Para a presidenta do Sindiserv e integrante das diretorias da CUT/RS, Confederação dos Trabalhadores no Serviço Público Municipal (Confetam) e Dieese, Silvana Piroli, o Congresso inimigo do povo não pode dar as costas para o povo brasileiro.
“Espero que nossos senadores ouçam a voz do povo trabalhador do Rio Grande do Brasil, principalmente das mulheres, que nós queremos vida além do trabalho, porque a vida não tem hora extra. E este é o momento de nós irmos às ruas, irmos às redes, falarmos com nossos familiares e discutirmos, levarmos adiante essa luta para pressionar o Congresso Nacional e o Senado para votar. Nós, mulheres, estamos na luta pela redução das jornadas de trabalho e pelo fim da escala 6×1“, disse.
Durante a marcha, o presidente da CUT-RS, Amarildo Cenci, ressaltou a importância da unidade entre trabalhadores da iniciativa privada e do serviço público diante dos desafios enfrentados pela classe trabalhadora e dos ataques aos serviços públicos.
Segundo ele, escolas, hospitais, serviços de segurança e diversas políticas públicas essenciais para a população dependem da valorização do serviço público e de seus trabalhadores. Ao mesmo tempo, alertou para o avanço das privatizações e da lógica de mercado sobre áreas fundamentais para a sociedade.
“Hoje é um dia de muita luta. Quando o setor público e o setor privado caminham juntos, estamos defendendo um país e um estado melhores. O serviço público é fundamental para a vida da população e não pode ser tratado como mercadoria”, reforçou.
Ao chegar ao Palácio Piratini, os participantes da marcha encontraram os servidores públicos estaduais que realizavam mobilização contra a política de privatizações e em defesa dos serviços públicos. A convergência dos dois atos reforçou a compreensão de que a luta por melhores condições de trabalho está diretamente ligada à defesa do patrimônio público e dos direitos sociais.
Fim da escala 6×1 ganha apoio da população
Uma das principais bandeiras da mobilização foi o fim da escala 6×1, modelo que obriga milhões de trabalhadores a laborarem seis dias para ter apenas um de descanso. Para as entidades sindicais, esse formato reduz a convivência familiar, amplia o desgaste físico e mental e dificulta o acesso ao lazer, à educação e à participação social.

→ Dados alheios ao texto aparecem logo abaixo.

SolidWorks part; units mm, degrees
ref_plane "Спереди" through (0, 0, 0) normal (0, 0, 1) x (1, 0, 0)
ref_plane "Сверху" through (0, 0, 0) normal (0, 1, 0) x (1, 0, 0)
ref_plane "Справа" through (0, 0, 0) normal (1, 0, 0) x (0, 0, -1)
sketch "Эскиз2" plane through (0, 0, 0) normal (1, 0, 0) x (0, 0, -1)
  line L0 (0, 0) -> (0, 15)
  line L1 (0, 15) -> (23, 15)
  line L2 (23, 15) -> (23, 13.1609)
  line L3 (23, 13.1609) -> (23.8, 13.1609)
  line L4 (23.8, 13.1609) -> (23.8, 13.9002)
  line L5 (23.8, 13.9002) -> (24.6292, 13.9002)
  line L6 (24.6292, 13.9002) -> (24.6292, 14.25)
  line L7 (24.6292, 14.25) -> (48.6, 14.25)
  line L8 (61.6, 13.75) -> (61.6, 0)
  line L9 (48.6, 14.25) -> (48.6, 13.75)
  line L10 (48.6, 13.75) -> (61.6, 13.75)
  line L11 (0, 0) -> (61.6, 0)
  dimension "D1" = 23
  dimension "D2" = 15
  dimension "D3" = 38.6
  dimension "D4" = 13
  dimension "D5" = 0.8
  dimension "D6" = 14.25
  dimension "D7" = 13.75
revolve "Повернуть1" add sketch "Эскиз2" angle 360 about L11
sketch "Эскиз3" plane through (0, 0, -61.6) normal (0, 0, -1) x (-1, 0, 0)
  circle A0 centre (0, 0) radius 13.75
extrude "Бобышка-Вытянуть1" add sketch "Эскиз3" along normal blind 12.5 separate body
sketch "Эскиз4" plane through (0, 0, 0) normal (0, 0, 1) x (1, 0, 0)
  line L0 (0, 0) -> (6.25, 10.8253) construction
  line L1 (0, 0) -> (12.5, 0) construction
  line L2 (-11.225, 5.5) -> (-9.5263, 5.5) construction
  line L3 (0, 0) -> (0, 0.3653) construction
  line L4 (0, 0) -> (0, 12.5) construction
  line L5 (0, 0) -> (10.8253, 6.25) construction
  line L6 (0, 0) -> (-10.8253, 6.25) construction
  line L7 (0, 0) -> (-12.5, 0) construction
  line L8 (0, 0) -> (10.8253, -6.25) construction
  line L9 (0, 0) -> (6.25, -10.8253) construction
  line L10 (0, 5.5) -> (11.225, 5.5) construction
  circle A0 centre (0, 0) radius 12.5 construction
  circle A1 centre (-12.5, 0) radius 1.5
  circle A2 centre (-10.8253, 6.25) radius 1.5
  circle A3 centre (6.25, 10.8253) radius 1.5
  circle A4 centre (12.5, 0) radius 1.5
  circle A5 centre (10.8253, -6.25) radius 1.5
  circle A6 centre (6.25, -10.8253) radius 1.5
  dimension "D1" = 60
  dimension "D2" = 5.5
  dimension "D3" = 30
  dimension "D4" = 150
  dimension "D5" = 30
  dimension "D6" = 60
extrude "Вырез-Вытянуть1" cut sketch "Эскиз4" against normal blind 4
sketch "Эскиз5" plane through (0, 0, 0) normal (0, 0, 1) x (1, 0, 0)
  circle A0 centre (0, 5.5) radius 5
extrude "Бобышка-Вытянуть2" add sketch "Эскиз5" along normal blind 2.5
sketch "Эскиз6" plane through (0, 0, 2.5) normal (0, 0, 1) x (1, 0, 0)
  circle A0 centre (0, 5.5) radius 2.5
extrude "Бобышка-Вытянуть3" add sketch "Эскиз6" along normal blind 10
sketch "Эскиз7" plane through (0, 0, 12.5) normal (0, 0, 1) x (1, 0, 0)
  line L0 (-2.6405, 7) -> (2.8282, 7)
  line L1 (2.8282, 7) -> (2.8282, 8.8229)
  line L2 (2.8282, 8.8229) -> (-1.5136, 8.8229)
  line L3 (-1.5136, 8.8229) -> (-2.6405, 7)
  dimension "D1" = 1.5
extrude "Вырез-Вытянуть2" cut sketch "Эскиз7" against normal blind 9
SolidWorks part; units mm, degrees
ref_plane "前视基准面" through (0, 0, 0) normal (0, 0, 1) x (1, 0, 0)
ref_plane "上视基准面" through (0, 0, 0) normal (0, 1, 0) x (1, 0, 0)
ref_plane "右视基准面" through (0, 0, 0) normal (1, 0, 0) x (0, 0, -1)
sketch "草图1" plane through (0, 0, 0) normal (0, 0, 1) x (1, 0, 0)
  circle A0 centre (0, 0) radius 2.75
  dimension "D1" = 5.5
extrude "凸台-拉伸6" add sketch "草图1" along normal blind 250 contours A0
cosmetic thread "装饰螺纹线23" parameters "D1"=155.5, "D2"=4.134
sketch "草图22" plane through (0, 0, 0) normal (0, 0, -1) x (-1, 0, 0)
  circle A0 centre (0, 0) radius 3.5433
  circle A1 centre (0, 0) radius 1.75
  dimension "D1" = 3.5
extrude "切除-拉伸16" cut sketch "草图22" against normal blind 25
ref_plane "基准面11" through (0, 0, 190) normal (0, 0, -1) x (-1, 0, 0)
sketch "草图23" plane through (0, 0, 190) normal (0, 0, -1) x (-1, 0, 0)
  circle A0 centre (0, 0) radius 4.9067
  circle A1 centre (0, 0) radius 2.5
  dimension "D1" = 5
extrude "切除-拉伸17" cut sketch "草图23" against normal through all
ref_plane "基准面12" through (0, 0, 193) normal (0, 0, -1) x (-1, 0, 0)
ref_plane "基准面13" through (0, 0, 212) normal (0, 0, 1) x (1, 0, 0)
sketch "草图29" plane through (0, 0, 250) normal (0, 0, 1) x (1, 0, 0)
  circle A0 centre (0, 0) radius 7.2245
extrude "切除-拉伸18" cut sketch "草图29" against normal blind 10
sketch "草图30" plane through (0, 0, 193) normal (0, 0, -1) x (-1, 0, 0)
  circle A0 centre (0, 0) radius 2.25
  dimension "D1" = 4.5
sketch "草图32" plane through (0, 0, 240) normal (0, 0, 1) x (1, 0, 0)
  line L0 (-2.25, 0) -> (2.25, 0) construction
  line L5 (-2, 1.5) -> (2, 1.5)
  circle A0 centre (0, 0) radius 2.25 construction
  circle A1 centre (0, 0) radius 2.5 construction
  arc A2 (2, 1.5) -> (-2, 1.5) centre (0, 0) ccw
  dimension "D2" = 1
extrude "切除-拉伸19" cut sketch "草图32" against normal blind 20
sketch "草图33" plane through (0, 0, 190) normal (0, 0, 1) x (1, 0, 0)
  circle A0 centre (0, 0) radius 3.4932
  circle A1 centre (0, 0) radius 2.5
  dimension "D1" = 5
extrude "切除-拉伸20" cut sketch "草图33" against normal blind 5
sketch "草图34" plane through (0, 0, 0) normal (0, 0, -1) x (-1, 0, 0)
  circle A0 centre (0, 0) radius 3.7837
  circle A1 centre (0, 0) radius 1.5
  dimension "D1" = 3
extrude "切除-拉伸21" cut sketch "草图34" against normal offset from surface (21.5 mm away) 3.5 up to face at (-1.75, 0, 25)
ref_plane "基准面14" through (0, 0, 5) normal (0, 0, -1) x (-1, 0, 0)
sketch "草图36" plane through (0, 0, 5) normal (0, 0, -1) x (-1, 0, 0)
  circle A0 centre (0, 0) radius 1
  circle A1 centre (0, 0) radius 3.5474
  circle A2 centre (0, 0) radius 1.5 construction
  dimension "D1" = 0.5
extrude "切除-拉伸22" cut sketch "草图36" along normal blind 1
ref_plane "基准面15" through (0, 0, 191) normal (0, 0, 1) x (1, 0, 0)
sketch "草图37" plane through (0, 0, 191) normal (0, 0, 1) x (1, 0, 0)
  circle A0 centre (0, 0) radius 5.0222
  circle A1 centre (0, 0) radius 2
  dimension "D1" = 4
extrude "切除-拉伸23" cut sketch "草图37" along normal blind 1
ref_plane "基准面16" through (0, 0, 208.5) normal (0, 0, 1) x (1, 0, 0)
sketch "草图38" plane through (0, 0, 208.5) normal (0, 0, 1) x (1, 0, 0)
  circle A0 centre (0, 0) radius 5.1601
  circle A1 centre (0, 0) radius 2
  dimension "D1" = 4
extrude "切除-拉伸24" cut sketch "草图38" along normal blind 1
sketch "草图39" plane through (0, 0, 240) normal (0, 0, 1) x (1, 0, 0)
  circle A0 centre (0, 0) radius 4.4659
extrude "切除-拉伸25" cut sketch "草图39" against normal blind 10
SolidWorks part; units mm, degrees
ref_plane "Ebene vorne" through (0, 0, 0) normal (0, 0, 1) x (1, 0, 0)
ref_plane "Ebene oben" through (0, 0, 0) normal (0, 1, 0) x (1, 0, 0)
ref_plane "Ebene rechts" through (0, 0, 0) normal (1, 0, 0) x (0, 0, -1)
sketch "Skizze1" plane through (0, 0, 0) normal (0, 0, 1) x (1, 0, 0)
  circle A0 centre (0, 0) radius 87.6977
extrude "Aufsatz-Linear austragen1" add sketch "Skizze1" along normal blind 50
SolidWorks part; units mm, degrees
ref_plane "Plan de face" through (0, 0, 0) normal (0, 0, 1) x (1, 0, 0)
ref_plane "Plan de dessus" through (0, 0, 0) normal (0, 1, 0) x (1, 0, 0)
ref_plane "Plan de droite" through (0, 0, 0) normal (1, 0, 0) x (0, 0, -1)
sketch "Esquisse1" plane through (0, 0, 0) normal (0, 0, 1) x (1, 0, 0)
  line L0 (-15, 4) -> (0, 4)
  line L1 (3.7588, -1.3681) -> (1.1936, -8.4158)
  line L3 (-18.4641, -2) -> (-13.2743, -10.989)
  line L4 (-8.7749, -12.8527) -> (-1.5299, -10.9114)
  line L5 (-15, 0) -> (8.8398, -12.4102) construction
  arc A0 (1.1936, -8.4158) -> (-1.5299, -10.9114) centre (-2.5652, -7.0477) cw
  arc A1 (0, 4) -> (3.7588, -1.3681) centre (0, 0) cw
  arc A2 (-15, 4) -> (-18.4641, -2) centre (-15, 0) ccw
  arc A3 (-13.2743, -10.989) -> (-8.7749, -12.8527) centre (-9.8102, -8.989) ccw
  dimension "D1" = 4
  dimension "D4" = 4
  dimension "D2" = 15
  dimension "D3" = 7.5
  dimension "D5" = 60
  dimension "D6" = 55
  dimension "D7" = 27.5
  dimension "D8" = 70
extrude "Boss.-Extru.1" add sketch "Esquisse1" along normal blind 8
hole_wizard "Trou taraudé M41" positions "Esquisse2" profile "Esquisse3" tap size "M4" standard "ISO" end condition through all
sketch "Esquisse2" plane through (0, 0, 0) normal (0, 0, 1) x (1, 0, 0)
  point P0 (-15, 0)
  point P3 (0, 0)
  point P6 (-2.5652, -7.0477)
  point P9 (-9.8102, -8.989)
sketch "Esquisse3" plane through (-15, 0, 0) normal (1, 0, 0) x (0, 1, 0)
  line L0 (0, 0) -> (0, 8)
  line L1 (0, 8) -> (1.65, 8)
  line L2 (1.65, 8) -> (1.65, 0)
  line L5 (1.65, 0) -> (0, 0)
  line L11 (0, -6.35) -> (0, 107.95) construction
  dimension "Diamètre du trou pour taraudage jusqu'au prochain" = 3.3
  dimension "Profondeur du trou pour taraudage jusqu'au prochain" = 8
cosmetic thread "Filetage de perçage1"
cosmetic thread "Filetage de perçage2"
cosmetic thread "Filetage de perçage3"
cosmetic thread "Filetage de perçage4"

O debate tem ganhado força em todo o país. Pesquisa Datafolha divulgada neste ano apontou que 71% dos brasileiros apoiam o fim da escala 6×1, enquanto apenas 27% são contrários à mudança. O levantamento demonstra o crescimento do apoio popular à pauta, impulsionada pela mobilização de trabalhadores e movimentos sociais.
Outro estudo, realizado pela Genial/Quaest, mostrou que 68% da população é favorável à redução da jornada de trabalho, reforçando que a reivindicação já extrapolou o movimento sindical e passou a contar com amplo respaldo da sociedade.
Pressão sobre o Senado
Os participantes da marcha também cobraram do Senado Federal o avanço das propostas que tratam da redução da jornada de trabalho e do fim da escala 6×1. Para as entidades organizadoras, a pauta representa uma demanda urgente da classe trabalhadora brasileira e uma oportunidade de modernizar as relações de trabalho no país.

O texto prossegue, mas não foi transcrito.